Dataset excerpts
=== Begin Enclosure ===

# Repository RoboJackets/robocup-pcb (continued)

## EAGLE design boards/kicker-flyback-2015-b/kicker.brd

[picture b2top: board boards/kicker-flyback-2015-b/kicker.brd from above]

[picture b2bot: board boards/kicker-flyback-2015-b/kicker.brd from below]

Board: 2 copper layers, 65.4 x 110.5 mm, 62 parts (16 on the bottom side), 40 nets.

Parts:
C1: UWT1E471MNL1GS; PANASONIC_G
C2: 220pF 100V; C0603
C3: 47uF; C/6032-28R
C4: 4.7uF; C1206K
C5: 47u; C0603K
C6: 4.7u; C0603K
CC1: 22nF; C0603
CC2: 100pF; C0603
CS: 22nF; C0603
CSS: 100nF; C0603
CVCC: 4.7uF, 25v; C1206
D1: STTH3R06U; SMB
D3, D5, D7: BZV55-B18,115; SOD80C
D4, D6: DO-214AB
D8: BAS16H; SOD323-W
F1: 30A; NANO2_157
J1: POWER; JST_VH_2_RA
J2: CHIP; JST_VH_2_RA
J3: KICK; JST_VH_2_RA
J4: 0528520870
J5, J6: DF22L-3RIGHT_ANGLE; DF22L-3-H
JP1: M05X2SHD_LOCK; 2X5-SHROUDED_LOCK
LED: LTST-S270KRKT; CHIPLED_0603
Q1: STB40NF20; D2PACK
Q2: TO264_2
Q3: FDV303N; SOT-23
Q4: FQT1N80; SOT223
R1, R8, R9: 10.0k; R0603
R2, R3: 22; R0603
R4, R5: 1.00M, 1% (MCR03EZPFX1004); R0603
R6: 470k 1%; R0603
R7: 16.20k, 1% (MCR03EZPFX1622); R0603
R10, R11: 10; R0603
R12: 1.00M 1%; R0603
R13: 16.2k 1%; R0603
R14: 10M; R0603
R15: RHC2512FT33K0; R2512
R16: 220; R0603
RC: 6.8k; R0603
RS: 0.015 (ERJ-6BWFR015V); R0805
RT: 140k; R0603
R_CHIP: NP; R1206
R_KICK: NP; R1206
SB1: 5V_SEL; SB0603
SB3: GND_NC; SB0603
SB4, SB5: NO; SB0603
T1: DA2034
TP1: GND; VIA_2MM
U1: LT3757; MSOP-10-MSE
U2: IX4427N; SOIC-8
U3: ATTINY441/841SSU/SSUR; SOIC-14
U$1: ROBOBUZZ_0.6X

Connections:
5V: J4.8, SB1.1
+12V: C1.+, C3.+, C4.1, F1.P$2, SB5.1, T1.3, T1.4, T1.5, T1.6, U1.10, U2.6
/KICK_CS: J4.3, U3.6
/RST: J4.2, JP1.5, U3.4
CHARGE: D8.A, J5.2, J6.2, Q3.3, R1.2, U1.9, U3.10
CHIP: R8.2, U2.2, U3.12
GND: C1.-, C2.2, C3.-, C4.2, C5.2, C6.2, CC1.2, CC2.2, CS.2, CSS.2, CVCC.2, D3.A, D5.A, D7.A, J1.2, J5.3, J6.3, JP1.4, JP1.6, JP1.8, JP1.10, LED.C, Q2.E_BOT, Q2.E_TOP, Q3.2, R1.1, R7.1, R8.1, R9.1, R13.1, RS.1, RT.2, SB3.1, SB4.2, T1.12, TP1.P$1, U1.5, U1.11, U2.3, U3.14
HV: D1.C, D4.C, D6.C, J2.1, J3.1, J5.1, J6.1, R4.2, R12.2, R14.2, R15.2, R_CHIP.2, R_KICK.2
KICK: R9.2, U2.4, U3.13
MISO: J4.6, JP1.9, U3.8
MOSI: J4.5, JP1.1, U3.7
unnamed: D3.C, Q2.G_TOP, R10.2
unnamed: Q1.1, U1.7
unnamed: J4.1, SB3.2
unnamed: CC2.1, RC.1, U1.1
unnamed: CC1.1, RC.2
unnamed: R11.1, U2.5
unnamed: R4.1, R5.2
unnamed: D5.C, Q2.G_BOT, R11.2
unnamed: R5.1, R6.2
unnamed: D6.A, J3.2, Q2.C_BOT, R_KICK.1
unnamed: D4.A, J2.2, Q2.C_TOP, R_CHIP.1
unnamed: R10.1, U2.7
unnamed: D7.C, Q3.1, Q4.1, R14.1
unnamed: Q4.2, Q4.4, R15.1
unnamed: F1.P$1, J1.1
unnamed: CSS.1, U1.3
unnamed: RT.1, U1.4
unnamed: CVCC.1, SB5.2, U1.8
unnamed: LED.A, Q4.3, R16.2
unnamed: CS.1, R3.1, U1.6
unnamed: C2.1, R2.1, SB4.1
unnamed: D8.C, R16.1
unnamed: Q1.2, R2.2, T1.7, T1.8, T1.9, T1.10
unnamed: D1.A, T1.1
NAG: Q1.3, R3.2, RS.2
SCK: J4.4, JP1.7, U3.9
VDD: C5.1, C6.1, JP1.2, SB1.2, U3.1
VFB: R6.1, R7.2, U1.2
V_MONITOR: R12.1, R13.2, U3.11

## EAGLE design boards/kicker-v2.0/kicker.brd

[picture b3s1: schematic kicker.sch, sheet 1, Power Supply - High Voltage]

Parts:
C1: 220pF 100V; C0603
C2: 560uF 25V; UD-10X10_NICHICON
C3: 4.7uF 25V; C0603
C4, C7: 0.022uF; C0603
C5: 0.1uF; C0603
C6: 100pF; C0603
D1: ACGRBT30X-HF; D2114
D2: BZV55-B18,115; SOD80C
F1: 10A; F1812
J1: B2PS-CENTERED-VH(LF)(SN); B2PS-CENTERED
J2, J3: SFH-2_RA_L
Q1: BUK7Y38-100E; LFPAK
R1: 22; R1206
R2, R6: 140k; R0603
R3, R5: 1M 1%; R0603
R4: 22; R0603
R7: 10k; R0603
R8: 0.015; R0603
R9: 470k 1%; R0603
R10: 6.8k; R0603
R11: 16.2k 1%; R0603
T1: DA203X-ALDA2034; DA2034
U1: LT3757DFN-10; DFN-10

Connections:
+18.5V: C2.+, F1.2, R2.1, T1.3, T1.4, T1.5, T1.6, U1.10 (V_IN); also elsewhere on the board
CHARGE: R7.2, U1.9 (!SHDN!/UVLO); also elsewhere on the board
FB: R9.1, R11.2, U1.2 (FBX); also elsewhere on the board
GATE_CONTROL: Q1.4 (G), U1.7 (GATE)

=== End Enclosure ===

**Exercise description**.
Looking at the data above, report how many of its lines include the word "also". The number alone is the answer.

**The completed task**.
3